__Directions for this task__
Which lines in the entries below contain the string "view"? Show each of them in full.
--
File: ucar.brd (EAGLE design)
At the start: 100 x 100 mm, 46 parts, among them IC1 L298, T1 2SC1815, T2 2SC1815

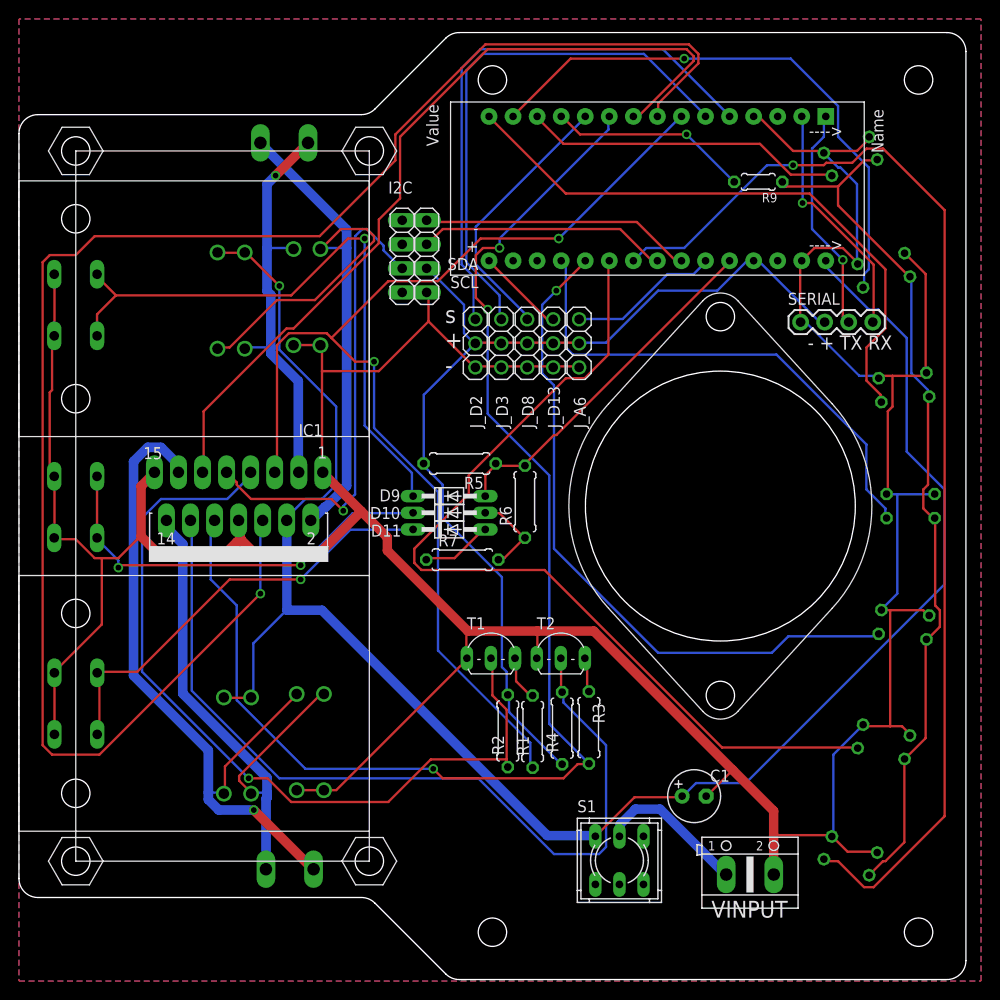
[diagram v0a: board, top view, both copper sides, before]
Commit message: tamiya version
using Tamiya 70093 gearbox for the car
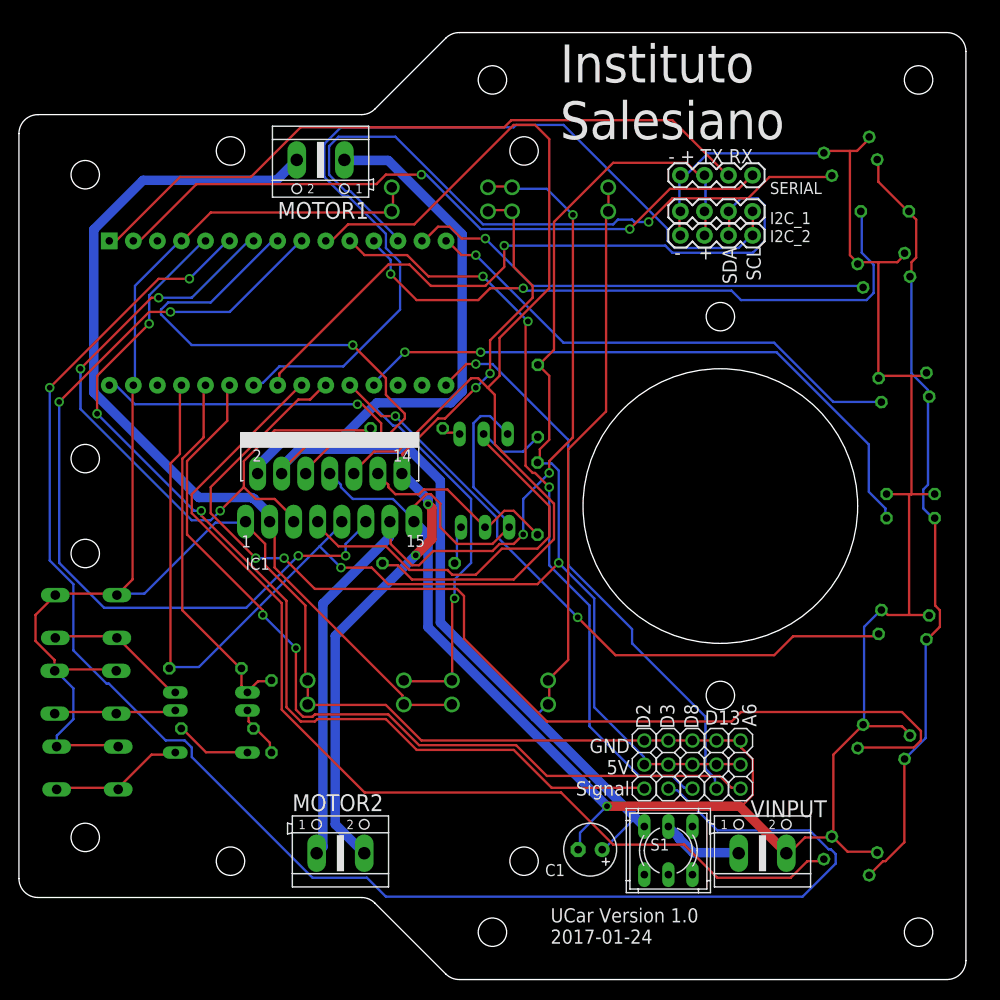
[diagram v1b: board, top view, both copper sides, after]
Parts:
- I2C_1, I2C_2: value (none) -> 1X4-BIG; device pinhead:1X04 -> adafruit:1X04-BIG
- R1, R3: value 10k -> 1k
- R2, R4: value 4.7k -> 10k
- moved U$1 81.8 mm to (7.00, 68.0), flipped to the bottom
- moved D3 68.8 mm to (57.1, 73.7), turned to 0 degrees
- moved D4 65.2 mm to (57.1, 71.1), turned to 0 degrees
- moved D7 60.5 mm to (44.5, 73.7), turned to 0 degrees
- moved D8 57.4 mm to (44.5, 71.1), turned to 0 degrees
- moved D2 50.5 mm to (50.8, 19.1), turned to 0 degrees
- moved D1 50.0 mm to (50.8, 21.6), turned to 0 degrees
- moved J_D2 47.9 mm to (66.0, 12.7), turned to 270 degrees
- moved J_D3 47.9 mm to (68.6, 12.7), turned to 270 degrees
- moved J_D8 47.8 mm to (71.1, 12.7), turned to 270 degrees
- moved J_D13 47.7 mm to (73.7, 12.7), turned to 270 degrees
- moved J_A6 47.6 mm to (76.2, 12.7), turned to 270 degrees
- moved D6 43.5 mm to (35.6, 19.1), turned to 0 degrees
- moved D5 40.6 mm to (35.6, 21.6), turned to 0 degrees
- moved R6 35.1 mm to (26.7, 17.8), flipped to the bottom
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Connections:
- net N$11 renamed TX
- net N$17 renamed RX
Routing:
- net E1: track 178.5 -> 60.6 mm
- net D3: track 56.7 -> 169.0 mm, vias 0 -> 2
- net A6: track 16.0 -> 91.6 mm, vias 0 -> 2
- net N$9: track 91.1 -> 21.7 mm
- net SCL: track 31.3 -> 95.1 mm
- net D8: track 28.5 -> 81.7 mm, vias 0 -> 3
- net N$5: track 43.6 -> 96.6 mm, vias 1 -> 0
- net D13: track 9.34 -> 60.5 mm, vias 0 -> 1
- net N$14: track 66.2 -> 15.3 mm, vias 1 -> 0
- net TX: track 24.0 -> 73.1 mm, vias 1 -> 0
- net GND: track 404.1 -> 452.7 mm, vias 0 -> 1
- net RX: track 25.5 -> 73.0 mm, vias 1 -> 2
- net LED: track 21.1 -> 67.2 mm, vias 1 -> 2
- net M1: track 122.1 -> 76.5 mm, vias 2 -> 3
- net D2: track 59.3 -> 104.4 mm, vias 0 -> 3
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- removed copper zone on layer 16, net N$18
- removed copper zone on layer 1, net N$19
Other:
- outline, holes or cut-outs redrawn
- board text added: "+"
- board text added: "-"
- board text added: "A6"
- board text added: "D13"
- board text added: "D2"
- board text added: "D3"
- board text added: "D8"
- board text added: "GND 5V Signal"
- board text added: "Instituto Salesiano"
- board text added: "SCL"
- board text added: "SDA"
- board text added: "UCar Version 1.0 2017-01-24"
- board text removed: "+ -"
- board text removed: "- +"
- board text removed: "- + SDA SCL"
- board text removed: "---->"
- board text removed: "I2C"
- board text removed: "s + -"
--
__Solution to the exercise__
[diagram v0a: board, top view, both copper sides, before]
[diagram v1b: board, top view, both copper sides, after]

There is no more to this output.